Supplied data —
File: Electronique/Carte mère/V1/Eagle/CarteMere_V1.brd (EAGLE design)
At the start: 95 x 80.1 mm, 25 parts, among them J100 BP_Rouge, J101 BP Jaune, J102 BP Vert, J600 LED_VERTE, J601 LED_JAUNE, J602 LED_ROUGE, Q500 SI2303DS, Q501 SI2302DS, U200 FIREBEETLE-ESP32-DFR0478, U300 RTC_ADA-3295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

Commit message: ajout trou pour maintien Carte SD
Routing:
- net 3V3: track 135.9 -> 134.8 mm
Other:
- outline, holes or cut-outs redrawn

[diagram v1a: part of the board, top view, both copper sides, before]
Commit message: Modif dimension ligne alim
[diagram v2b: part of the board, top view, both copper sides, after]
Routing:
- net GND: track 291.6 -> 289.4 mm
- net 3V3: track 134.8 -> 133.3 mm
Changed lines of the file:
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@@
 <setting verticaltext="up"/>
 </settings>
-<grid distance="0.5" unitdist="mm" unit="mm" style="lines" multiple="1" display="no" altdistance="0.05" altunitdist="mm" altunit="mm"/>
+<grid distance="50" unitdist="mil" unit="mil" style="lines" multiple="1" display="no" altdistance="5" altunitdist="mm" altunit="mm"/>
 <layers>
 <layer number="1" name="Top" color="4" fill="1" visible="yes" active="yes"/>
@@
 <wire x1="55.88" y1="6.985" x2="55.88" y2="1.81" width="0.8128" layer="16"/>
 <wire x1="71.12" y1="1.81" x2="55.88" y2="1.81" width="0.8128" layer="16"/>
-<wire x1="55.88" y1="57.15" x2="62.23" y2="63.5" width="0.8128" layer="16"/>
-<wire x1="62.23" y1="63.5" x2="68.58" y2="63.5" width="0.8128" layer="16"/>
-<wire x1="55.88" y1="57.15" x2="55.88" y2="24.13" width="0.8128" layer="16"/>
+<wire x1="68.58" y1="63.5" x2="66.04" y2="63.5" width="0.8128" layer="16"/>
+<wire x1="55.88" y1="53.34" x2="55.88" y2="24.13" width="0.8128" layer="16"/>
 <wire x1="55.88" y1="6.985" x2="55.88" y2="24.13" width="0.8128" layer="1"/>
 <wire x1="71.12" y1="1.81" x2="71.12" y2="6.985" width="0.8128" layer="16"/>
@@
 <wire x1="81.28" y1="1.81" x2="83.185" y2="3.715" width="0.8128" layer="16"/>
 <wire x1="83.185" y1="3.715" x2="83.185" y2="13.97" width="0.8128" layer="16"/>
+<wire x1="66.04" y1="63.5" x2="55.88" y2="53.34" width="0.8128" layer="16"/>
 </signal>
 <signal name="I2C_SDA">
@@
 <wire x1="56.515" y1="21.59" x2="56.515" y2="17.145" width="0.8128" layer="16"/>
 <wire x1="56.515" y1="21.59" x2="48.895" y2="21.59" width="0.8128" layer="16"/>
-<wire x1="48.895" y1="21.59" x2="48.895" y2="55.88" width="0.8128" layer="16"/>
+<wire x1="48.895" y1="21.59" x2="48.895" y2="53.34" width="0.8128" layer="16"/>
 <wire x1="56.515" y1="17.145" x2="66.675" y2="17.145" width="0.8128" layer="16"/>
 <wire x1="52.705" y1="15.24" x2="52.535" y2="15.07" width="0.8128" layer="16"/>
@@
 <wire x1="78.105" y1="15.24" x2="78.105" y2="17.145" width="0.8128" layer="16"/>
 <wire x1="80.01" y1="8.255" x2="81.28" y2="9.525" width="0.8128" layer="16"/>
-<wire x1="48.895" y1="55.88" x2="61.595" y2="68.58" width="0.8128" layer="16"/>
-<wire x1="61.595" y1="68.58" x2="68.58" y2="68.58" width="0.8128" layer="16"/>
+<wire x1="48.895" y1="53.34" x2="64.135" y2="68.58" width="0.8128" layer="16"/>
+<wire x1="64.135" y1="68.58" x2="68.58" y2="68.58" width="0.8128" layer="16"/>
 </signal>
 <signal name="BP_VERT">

What this task involves —
Identify the lines above with the word "track". Copy them.

Answer space —
- net 3V3: track 135.9 -> 134.8 mm
- net GND: track 291.6 -> 289.4 mm
- net 3V3: track 134.8 -> 133.3 mm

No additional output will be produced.